← ClaudeAtlas

watch-runlisted

Emit-on-event health watcher for a long paired/ab benchmark run, meant to be fed to the Monitor tool (each stdout line becomes one notification) so an unattended 75-min run cannot fail silently. Coverage-first by design — it speaks up on liveness (ALIVE), on new error signatures in the proxy/tee logs (ERROR), on a stall or crash (STALL/DEAD — silence is not success), and on completion (COMPLETE) — not just the happy path. Stall is tracked on the SHADOW (A0) turn-log, which is passthrough with keep-alive OFF so every line is a real turn; the PRIMARY (A5) log also grows from keep-alive pings during idle gaps and would mask a stalled conversation, so it must not drive stall detection. Use it to babysit `.skills/paired` or `.skills/ab` runs whose wall clock exceeds the Monitor's 60-min non-persistent cap (run it persistent).

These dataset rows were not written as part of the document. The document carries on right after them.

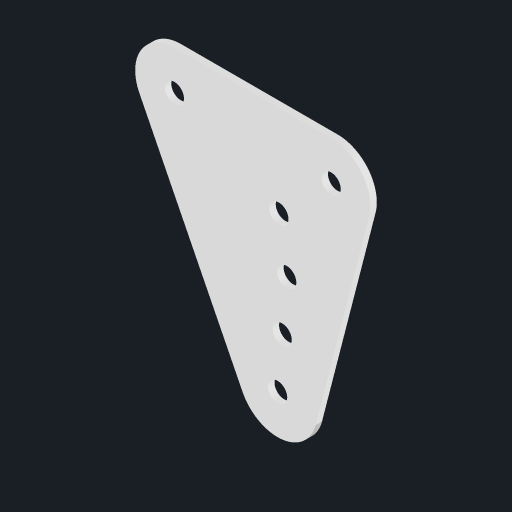
# Autodesk Inventor part: motormount
Saved by Autodesk Inventor 2024.2 (Build 282272000, 272)
## iProperties
Created: 2024-01-06
Part Number: motormount
Material: Generic
Document SubType Name: Sheet Metal
Designer: reima
Density: 1 g/cm^3
Appearance: Default
Sheet Metal Rule: Default
Author: reima
Autodesk Inventor part; units mm, degrees
ref_plane "YZ Plane" through (0, 0, 0) normal (1, 0, 0) x (0, 1, 0)
ref_plane "XZ Plane" through (0, 0, 0) normal (0, 1, 0) x (-1, 0, 0)
ref_plane "XY Plane" through (0, 0, 0) normal (0, 0, 1) x (1, 0, 0)
sketch "Sketch1" plane through (0, 0, 0) normal (0, 0, 1) x (1, 0, 0)
  circle A0 centre (-322.5487, -9.4748) radius 2.3368
  circle A1 centre (-321.4418, 3.1768) radius 2.3368
  circle A2 centre (-323.6556, -22.1265) radius 2.3368
  line L0 (-321.4418, 3.1768) -> (-321.0479, 7.6801) construction
  circle A3 centre (-367.8, 21.9203) radius 2.3114 construction
  line L1 (-378.0119, 9.2203) -> (-319.4881, 9.2203) construction
  circle A4 centre (-323.6556, -22.1265) radius 9.525
  circle A5 centre (-321.4418, 3.1768) radius 9.525
  circle A6 centre (-310.65, 28.2703) radius 2.3114 construction
  circle A7 centre (-323.35, 15.5703) radius 2.3114 construction
  circle A8 centre (-348.75, 28.2703) radius 9.525
  circle A9 centre (-310.65, 28.2703) radius 9.525
  line L2 (-332.182, -26.3721) -> (-357.2764, 24.0247)
  line L3 (-312.0866, 0.8208) -> (-311.9531, 2.3467)
  line L4 (-312.6917, -0.5863) -> (-312.0866, 0.8208)
  line L5 (-310.65, 37.7953) -> (-348.75, 37.7953)
  line L6 (-346.4386, 30.0737) -> (-346.4386, 26.4669) construction
  circle A10 centre (-348.75, 28.2703) radius 2.3114 construction
  circle A11 centre (-348.75, 28.2703) radius 2.3368
  circle A12 centre (-310.65, 28.2703) radius 2.3368
  circle A13 centre (-323.35, 15.5703) radius 2.3368
  circle A14 centre (-321.4418, 3.1768) radius 1.5848 construction
  circle A15 centre (-321.4418, 3.1768) radius 1.5848 construction
  line L7 (-314.4328, -24.5066) -> (-301.4272, 25.8902)
  point P0 (0, 0)
  point P1 (-319.4881, 34.6203)
  point P2 (-314.4552, -24.5918)
  point P3 (-301.8999, 24.5072)
  point P4 (-312.4196, 0.0464)
  dimension "d0" = 4.6736
  dimension "d1" = 4.6736
  dimension "d2" = 4.6736
  dimension "d5" = 0
  dimension "d6" = 0
  dimension "d8" = 85
  dimension "d9" = 19.05
  dimension "d10" = 19.05
  dimension "d11" = 19.05
  dimension "d12" = 19.05
  dimension "d13" = 0
  dimension "d14" = 0
  dimension "d15" = 4.6736
  dimension "d16" = 4.6736
  dimension "d17" = 4.6736
  dimension "d20" = 0
  dimension "d22" = 12.7
  dimension "d23" = 12.7
  dimension "d24" = 0
  constraints: 12 end point, 10 centre point, 10 point on circle, 10 tangent, 6 coincident, 1 other
  measures "d0" diameter of A0
  measures "d1" diameter of A1
  measures "d2" diameter of A2
  measures "d5" distance from line of L0 A0.centre
  measures "d6" distance from line of A2.centre L0
  measures "d8" angle of L1 L0
  measures "d9" diameter of A4
  measures "d10" diameter of A5
  measures "d11" diameter of A8
  measures "d12" diameter of A9
  measures "d13" distance of A8.centre A10.centre
  measures "d14" distance of A10.centre A8.centre
  measures "d15" diameter of A11
  measures "d16" diameter of A12
  measures "d17" diameter of A13
  measures "d20" distance of A14.centre L0.start
  measures "d22" distance of L0.start A0.centre
  measures "d23" distance of A0.centre A2.centre
  measures "d24" distance of A14.centre L0.start
extrude "Extrusion2" add sketch "Sketch1" along normal blind 1.5875 contours A4 | A4 L2 A8 L5 A9 L7 | A8 | A9 | A5
equation "\"BendRadius\" = Thickness"
equation "\"BendReliefWidth\" = Thickness"
equation "\"BendReliefDepth\" = 0.5 * Thickness"
equation "\"CornerReliefSize\" = 4 * Thickness"
equation "\"MinimumRemnant\" = 2 * Thickness"
equation "\"TransitionRadius\" = BendRadius"
equation "\"JacobiRadiusSize\" = BendRadius"
equation "\"GapSize\" = Thickness"
equation "\"Thickness\" = 1.5875"
body "Solid2"

zapgun-ai/clawback · ★ 2 · AI & Automation · score 63
Install: claude install-skill zapgun-ai/clawback
# clawback run health watcher `.skills/watch-run/scripts/watch_run.sh <out-dir> [listen-port primary-port shadow-port]` Defaults: ports `8788` (tee/listen) `8790` (primary) `8791` (shadow) — the `.skills/paired` defaults. Pass the run's `--out` dir as the first arg. ## How to use (with Monitor) Launch the run in the background first (e.g. `.skills/scripts/run_paired.sh … --out runs/paired-haiku-L1`), then attach this under the **Monitor** tool with `persistent: true` (a 75-min run exceeds Monitor's 60-min non-persistent timeout). The watcher exits on its own at COMPLETE/DEAD/WATCH-END, which ends the Monitor cleanly; TaskStop it early if you abort the run. ``` Monitor(persistent=true, command=".skills/watch-run/scripts/watch_run.sh runs/paired-haiku-L1 8788 8790 8791") ``` ## Events it emits (one line = one notification) - `ALIVE a0=.. a5=..` — first turns observed; the run came up. - `ERROR(+n) … :: <last matching line>` — n new error-signature lines in `proxy.primary.log` / `proxy.shadow.log` / `tee.log` (overload, 429, EADDRINUSE/ECONN*, `→ 4xx/5xx`, Traceback, force-exit, `[error]`, …). - `STALL …` — no new SHADOW turn for 12 min but a proxy is still listening (warned once; the conversation is wedged, processes alive). - `DEAD …` — no new SHADOW turn for 12 min AND no proxy listening → the run crashed; exits 1. - `COMPLETE a0=.. a5=.. (+Nm)` — `report.md` present (analyzer finished); exits 0. - `WATCH-END` — ~95-min wall-clock backstop tripped; exits 2.